Dataset entries:
□ □ □ □ □

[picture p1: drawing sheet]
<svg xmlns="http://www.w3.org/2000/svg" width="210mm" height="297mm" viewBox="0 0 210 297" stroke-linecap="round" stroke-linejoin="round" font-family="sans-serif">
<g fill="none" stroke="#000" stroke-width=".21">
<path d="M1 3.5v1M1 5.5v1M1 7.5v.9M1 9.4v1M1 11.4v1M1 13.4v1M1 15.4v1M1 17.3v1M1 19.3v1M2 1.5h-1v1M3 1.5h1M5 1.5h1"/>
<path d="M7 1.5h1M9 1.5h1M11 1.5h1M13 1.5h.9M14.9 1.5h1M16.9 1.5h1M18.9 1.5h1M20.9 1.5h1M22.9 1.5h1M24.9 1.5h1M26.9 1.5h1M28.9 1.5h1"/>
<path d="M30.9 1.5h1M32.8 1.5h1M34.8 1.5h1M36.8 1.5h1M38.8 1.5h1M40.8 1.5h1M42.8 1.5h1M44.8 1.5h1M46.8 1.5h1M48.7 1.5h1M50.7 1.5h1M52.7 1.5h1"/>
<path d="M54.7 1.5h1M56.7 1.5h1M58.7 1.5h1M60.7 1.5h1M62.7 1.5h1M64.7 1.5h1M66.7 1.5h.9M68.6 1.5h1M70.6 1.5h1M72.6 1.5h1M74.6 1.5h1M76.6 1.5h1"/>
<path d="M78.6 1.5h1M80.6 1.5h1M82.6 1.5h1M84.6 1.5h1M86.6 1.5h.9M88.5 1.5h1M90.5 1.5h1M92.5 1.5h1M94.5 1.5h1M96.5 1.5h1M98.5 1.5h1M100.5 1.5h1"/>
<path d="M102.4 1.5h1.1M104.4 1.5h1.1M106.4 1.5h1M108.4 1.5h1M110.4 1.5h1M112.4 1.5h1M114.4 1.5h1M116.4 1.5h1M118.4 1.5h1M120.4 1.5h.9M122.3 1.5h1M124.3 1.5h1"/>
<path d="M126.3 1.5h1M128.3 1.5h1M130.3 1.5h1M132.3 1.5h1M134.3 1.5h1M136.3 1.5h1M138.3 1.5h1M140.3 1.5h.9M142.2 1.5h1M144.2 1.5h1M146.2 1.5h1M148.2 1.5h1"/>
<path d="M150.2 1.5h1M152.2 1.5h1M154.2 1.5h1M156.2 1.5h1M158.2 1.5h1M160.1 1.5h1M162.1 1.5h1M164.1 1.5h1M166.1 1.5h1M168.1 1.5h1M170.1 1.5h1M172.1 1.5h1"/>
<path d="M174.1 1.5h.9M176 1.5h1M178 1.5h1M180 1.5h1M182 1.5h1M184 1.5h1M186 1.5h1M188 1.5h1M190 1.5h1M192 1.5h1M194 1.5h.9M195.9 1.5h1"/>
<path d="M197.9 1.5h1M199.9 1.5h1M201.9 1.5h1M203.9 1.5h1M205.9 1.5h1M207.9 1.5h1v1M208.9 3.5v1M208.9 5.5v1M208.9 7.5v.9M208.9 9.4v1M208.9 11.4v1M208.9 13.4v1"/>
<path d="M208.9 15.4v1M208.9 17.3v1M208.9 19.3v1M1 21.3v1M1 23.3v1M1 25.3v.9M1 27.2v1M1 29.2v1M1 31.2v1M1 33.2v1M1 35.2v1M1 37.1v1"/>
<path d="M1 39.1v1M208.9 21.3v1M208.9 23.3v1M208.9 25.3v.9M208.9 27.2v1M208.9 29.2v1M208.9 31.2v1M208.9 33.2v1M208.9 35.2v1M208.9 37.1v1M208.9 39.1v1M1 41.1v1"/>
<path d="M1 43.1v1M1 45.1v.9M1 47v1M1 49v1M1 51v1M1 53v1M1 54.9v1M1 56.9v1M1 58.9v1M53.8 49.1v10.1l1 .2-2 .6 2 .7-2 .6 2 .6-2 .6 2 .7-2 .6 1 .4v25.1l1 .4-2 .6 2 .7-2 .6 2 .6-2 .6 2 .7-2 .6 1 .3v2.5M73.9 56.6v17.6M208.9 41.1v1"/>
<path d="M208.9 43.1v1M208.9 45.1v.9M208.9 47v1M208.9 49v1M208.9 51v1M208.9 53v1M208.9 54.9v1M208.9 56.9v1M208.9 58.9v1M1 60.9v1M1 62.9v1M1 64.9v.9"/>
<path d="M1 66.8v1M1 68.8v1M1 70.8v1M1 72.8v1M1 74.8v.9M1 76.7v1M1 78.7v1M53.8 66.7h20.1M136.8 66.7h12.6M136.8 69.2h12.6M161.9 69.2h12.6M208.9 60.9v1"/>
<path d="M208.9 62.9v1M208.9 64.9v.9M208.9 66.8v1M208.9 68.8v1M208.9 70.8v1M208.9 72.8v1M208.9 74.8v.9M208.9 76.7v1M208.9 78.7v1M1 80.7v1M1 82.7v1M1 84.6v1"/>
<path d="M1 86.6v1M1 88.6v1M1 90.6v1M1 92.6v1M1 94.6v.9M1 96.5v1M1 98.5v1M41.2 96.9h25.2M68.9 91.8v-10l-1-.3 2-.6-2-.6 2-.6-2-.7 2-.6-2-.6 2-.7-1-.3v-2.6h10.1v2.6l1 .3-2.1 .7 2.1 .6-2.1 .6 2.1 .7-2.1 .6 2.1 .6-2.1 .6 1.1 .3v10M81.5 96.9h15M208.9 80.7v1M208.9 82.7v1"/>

□ □ □ □ □

▸ Problem: Copy out the full set of records precisely, leaving nothing out.

▸ The completed task:
[picture p1: drawing sheet]
<svg xmlns="http://www.w3.org/2000/svg" width="210mm" height="297mm" viewBox="0 0 210 297" stroke-linecap="round" stroke-linejoin="round" font-family="sans-serif">
<g fill="none" stroke="#000" stroke-width=".21">
<path d="M1 3.5v1M1 5.5v1M1 7.5v.9M1 9.4v1M1 11.4v1M1 13.4v1M1 15.4v1M1 17.3v1M1 19.3v1M2 1.5h-1v1M3 1.5h1M5 1.5h1"/>
<path d="M7 1.5h1M9 1.5h1M11 1.5h1M13 1.5h.9M14.9 1.5h1M16.9 1.5h1M18.9 1.5h1M20.9 1.5h1M22.9 1.5h1M24.9 1.5h1M26.9 1.5h1M28.9 1.5h1"/>
<path d="M30.9 1.5h1M32.8 1.5h1M34.8 1.5h1M36.8 1.5h1M38.8 1.5h1M40.8 1.5h1M42.8 1.5h1M44.8 1.5h1M46.8 1.5h1M48.7 1.5h1M50.7 1.5h1M52.7 1.5h1"/>
<path d="M54.7 1.5h1M56.7 1.5h1M58.7 1.5h1M60.7 1.5h1M62.7 1.5h1M64.7 1.5h1M66.7 1.5h.9M68.6 1.5h1M70.6 1.5h1M72.6 1.5h1M74.6 1.5h1M76.6 1.5h1"/>
<path d="M78.6 1.5h1M80.6 1.5h1M82.6 1.5h1M84.6 1.5h1M86.6 1.5h.9M88.5 1.5h1M90.5 1.5h1M92.5 1.5h1M94.5 1.5h1M96.5 1.5h1M98.5 1.5h1M100.5 1.5h1"/>
<path d="M102.4 1.5h1.1M104.4 1.5h1.1M106.4 1.5h1M108.4 1.5h1M110.4 1.5h1M112.4 1.5h1M114.4 1.5h1M116.4 1.5h1M118.4 1.5h1M120.4 1.5h.9M122.3 1.5h1M124.3 1.5h1"/>
<path d="M126.3 1.5h1M128.3 1.5h1M130.3 1.5h1M132.3 1.5h1M134.3 1.5h1M136.3 1.5h1M138.3 1.5h1M140.3 1.5h.9M142.2 1.5h1M144.2 1.5h1M146.2 1.5h1M148.2 1.5h1"/>
<path d="M150.2 1.5h1M152.2 1.5h1M154.2 1.5h1M156.2 1.5h1M158.2 1.5h1M160.1 1.5h1M162.1 1.5h1M164.1 1.5h1M166.1 1.5h1M168.1 1.5h1M170.1 1.5h1M172.1 1.5h1"/>
<path d="M174.1 1.5h.9M176 1.5h1M178 1.5h1M180 1.5h1M182 1.5h1M184 1.5h1M186 1.5h1M188 1.5h1M190 1.5h1M192 1.5h1M194 1.5h.9M195.9 1.5h1"/>
<path d="M197.9 1.5h1M199.9 1.5h1M201.9 1.5h1M203.9 1.5h1M205.9 1.5h1M207.9 1.5h1v1M208.9 3.5v1M208.9 5.5v1M208.9 7.5v.9M208.9 9.4v1M208.9 11.4v1M208.9 13.4v1"/>
<path d="M208.9 15.4v1M208.9 17.3v1M208.9 19.3v1M1 21.3v1M1 23.3v1M1 25.3v.9M1 27.2v1M1 29.2v1M1 31.2v1M1 33.2v1M1 35.2v1M1 37.1v1"/>
<path d="M1 39.1v1M208.9 21.3v1M208.9 23.3v1M208.9 25.3v.9M208.9 27.2v1M208.9 29.2v1M208.9 31.2v1M208.9 33.2v1M208.9 35.2v1M208.9 37.1v1M208.9 39.1v1M1 41.1v1"/>
<path d="M1 43.1v1M1 45.1v.9M1 47v1M1 49v1M1 51v1M1 53v1M1 54.9v1M1 56.9v1M1 58.9v1M53.8 49.1v10.1l1 .2-2 .6 2 .7-2 .6 2 .6-2 .6 2 .7-2 .6 1 .4v25.1l1 .4-2 .6 2 .7-2 .6 2 .6-2 .6 2 .7-2 .6 1 .3v2.5M73.9 56.6v17.6M208.9 41.1v1"/>
<path d="M208.9 43.1v1M208.9 45.1v.9M208.9 47v1M208.9 49v1M208.9 51v1M208.9 53v1M208.9 54.9v1M208.9 56.9v1M208.9 58.9v1M1 60.9v1M1 62.9v1M1 64.9v.9"/>
<path d="M1 66.8v1M1 68.8v1M1 70.8v1M1 72.8v1M1 74.8v.9M1 76.7v1M1 78.7v1M53.8 66.7h20.1M136.8 66.7h12.6M136.8 69.2h12.6M161.9 69.2h12.6M208.9 60.9v1"/>
<path d="M208.9 62.9v1M208.9 64.9v.9M208.9 66.8v1M208.9 68.8v1M208.9 70.8v1M208.9 72.8v1M208.9 74.8v.9M208.9 76.7v1M208.9 78.7v1M1 80.7v1M1 82.7v1M1 84.6v1"/>
<path d="M1 86.6v1M1 88.6v1M1 90.6v1M1 92.6v1M1 94.6v.9M1 96.5v1M1 98.5v1M41.2 96.9h25.2M68.9 91.8v-10l-1-.3 2-.6-2-.6 2-.6-2-.7 2-.6-2-.6 2-.7-1-.3v-2.6h10.1v2.6l1 .3-2.1 .7 2.1 .6-2.1 .6 2.1 .7-2.1 .6 2.1 .6-2.1 .6 1.1 .3v10M81.5 96.9h15M208.9 80.7v1M208.9 82.7v1"/>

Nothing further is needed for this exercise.